> Goal of the exercise
Work out how many lines below contain the word "details", then give that number alone.

(Beginning of Given data)

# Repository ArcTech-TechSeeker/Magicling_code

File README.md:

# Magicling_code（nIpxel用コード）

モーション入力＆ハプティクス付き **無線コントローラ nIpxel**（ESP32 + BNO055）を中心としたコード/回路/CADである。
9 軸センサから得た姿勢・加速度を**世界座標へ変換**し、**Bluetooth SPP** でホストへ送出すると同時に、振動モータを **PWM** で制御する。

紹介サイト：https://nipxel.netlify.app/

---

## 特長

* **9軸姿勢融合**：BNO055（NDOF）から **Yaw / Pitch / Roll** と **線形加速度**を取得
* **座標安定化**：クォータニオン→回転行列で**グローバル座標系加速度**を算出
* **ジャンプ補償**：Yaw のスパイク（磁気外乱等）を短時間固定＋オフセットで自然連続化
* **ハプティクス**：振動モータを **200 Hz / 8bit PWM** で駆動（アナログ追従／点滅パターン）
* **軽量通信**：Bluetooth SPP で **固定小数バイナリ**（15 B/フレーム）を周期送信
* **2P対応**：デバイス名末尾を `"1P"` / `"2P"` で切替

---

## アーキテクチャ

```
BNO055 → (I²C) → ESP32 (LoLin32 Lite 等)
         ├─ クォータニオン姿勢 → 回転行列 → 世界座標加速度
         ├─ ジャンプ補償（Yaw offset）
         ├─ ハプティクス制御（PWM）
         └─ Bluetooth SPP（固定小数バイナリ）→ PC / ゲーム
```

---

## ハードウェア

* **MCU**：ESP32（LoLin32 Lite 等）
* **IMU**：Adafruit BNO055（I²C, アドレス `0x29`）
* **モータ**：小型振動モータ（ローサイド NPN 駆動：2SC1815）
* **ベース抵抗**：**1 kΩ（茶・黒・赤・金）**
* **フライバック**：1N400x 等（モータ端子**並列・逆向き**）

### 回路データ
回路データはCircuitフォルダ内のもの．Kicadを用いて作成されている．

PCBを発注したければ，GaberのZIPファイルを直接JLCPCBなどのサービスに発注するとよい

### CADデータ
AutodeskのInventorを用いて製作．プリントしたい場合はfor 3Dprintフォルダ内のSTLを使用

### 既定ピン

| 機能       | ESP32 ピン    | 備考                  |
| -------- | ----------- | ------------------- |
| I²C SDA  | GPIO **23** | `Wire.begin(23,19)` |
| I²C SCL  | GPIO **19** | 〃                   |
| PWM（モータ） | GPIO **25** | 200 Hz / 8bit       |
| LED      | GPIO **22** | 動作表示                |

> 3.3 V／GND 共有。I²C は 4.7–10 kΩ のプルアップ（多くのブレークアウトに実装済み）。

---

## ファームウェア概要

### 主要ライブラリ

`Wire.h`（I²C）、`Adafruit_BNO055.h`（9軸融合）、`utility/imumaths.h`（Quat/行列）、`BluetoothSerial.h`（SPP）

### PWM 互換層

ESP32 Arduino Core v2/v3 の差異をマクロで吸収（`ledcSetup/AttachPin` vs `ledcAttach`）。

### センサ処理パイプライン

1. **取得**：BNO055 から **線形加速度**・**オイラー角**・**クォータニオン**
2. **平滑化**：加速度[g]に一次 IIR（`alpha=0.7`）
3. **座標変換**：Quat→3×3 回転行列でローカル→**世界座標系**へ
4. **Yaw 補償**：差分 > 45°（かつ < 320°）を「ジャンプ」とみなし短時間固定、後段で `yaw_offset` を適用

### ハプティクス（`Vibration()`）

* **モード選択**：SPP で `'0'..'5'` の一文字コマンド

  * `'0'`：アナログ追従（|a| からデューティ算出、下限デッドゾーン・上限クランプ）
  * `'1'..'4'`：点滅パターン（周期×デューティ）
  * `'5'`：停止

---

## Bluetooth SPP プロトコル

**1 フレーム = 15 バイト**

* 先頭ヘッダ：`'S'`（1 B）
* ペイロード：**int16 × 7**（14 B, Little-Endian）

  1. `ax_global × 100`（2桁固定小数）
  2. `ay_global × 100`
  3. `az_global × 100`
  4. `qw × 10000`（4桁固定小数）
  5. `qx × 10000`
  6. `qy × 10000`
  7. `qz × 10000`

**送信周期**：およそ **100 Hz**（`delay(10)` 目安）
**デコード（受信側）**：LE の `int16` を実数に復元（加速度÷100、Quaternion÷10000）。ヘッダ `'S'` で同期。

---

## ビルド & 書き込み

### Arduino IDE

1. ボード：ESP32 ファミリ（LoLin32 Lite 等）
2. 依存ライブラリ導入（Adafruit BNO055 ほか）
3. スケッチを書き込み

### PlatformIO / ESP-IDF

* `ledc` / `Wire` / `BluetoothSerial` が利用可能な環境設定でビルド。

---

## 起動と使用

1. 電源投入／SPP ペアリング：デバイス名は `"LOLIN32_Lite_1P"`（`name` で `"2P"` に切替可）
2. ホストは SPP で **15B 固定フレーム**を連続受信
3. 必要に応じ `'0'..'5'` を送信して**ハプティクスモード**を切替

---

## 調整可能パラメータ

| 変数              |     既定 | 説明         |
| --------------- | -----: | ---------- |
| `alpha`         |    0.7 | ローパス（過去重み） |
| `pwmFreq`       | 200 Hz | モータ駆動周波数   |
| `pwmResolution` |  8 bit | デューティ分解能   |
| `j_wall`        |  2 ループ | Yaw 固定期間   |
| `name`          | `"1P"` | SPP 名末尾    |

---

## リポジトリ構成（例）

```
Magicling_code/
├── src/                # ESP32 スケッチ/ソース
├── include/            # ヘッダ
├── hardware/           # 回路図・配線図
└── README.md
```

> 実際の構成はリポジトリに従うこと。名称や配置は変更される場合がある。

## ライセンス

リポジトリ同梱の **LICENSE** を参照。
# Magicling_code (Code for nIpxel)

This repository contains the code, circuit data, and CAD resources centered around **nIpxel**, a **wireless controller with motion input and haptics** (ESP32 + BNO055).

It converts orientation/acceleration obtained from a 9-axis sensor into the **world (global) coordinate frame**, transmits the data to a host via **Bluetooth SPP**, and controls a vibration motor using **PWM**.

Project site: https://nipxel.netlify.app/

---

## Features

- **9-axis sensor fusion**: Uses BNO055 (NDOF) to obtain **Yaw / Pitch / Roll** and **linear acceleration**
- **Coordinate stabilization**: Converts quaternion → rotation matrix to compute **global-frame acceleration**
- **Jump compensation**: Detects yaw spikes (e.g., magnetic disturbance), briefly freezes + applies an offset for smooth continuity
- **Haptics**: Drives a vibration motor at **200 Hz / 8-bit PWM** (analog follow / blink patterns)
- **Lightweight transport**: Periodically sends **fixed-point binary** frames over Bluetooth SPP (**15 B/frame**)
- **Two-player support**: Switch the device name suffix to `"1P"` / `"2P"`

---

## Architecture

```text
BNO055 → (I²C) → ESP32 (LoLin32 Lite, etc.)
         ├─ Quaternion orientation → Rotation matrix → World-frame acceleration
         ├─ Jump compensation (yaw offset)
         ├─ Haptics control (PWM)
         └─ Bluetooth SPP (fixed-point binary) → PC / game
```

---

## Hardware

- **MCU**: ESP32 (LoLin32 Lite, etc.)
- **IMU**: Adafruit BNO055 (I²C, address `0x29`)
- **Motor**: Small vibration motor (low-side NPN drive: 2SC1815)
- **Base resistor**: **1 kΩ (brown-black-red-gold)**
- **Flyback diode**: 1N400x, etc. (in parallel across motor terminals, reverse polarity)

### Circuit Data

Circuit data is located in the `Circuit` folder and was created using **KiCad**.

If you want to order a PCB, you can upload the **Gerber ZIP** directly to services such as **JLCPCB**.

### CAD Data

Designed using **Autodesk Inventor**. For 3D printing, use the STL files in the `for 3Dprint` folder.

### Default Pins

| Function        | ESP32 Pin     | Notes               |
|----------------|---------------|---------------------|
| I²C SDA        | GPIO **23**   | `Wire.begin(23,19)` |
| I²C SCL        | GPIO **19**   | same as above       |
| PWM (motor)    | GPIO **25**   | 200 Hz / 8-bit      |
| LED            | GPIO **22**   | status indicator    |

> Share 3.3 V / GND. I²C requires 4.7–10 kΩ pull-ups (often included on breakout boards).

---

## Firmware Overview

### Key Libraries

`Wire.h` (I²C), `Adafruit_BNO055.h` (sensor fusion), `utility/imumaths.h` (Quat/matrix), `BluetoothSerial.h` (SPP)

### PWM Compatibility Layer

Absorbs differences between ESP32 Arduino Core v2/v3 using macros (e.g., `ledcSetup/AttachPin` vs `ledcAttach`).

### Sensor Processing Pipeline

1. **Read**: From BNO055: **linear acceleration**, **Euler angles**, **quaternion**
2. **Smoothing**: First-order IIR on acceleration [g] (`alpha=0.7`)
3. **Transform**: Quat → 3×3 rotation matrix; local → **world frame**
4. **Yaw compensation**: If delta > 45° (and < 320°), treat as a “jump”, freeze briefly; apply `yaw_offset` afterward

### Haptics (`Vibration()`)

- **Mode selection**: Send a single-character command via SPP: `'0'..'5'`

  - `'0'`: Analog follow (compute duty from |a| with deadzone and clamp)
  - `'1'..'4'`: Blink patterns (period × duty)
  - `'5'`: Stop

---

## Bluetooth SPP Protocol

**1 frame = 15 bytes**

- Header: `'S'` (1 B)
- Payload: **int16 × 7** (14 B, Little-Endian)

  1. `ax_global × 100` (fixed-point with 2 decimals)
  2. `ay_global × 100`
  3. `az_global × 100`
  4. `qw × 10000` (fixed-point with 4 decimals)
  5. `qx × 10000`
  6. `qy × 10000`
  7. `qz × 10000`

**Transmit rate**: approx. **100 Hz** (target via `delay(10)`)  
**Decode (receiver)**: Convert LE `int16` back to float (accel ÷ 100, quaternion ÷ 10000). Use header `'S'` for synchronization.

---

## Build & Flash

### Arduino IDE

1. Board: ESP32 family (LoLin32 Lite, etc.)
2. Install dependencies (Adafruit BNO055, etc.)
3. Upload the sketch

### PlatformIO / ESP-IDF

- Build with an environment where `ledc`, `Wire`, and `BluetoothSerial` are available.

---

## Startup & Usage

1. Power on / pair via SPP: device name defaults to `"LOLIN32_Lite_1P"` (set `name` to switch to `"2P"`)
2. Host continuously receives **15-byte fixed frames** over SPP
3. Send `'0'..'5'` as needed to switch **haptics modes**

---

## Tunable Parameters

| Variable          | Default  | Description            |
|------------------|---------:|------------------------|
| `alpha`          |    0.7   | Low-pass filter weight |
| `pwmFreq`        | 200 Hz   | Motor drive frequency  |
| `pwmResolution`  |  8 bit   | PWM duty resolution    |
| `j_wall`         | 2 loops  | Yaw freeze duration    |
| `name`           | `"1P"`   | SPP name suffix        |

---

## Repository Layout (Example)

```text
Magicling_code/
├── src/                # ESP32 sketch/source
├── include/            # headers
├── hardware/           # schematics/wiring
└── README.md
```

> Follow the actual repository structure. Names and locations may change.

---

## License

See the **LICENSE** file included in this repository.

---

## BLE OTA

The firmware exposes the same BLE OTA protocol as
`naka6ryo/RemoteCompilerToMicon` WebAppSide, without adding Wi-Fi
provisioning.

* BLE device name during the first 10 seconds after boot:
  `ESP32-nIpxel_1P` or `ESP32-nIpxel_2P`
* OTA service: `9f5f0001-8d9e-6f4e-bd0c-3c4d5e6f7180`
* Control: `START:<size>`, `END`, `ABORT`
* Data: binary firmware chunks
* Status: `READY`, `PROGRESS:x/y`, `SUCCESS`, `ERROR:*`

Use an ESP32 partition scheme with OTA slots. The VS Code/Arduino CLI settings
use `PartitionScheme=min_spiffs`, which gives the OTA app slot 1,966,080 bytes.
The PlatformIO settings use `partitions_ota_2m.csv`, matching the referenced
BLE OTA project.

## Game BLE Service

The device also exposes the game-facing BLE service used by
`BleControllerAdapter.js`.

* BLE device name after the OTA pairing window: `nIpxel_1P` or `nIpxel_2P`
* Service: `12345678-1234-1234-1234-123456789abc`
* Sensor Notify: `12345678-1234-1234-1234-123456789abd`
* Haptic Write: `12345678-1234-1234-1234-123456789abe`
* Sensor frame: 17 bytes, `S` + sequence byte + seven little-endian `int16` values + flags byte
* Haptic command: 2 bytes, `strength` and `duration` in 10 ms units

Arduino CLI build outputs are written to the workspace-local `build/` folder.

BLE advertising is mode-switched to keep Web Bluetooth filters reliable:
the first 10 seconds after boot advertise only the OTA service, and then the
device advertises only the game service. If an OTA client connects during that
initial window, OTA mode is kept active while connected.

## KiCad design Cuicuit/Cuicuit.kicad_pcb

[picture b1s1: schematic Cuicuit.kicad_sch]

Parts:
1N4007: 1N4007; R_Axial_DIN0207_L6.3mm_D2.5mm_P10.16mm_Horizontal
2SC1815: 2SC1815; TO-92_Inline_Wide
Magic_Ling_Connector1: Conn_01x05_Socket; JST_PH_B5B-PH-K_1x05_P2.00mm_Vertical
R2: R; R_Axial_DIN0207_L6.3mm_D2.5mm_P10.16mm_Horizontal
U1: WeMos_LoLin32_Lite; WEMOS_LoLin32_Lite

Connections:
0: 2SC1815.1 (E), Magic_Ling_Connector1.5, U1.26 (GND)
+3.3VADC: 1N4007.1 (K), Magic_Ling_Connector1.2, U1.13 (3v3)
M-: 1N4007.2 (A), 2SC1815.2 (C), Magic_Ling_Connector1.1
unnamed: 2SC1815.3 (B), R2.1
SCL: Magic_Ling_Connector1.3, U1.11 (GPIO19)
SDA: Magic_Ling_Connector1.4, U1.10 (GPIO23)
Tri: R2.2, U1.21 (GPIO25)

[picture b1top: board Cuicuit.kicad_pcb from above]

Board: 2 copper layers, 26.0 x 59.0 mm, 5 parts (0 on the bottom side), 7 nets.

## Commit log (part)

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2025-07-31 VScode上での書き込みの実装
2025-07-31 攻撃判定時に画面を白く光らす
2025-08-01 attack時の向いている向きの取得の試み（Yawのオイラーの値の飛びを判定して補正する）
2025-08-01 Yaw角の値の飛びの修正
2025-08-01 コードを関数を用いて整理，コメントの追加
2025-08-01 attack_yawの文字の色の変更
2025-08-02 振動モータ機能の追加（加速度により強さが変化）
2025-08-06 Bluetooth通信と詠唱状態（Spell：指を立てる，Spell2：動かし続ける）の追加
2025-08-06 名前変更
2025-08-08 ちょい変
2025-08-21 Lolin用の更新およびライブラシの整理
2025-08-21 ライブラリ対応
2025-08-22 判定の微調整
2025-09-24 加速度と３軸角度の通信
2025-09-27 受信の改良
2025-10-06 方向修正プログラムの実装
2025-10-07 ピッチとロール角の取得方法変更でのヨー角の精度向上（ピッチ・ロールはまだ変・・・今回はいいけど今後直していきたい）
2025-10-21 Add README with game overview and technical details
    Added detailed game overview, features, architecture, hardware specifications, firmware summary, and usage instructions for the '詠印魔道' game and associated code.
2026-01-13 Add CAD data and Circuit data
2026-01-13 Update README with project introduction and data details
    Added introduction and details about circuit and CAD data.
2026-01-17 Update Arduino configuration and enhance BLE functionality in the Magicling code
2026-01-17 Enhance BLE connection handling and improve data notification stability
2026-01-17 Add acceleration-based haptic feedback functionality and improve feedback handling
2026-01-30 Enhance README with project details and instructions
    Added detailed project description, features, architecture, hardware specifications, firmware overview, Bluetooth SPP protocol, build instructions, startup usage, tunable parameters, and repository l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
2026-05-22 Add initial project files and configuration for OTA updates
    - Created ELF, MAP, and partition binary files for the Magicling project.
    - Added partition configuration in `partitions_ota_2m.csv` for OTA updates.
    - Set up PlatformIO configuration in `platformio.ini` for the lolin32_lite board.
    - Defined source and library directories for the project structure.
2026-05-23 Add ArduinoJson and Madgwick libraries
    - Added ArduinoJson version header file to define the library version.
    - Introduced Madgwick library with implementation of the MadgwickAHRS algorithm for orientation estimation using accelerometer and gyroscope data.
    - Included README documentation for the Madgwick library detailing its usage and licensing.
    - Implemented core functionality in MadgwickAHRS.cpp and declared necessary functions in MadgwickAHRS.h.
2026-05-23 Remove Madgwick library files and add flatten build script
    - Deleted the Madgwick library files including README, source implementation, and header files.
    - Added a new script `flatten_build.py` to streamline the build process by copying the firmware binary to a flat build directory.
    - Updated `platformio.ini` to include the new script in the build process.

(End of Given data)

> Exercise solution
4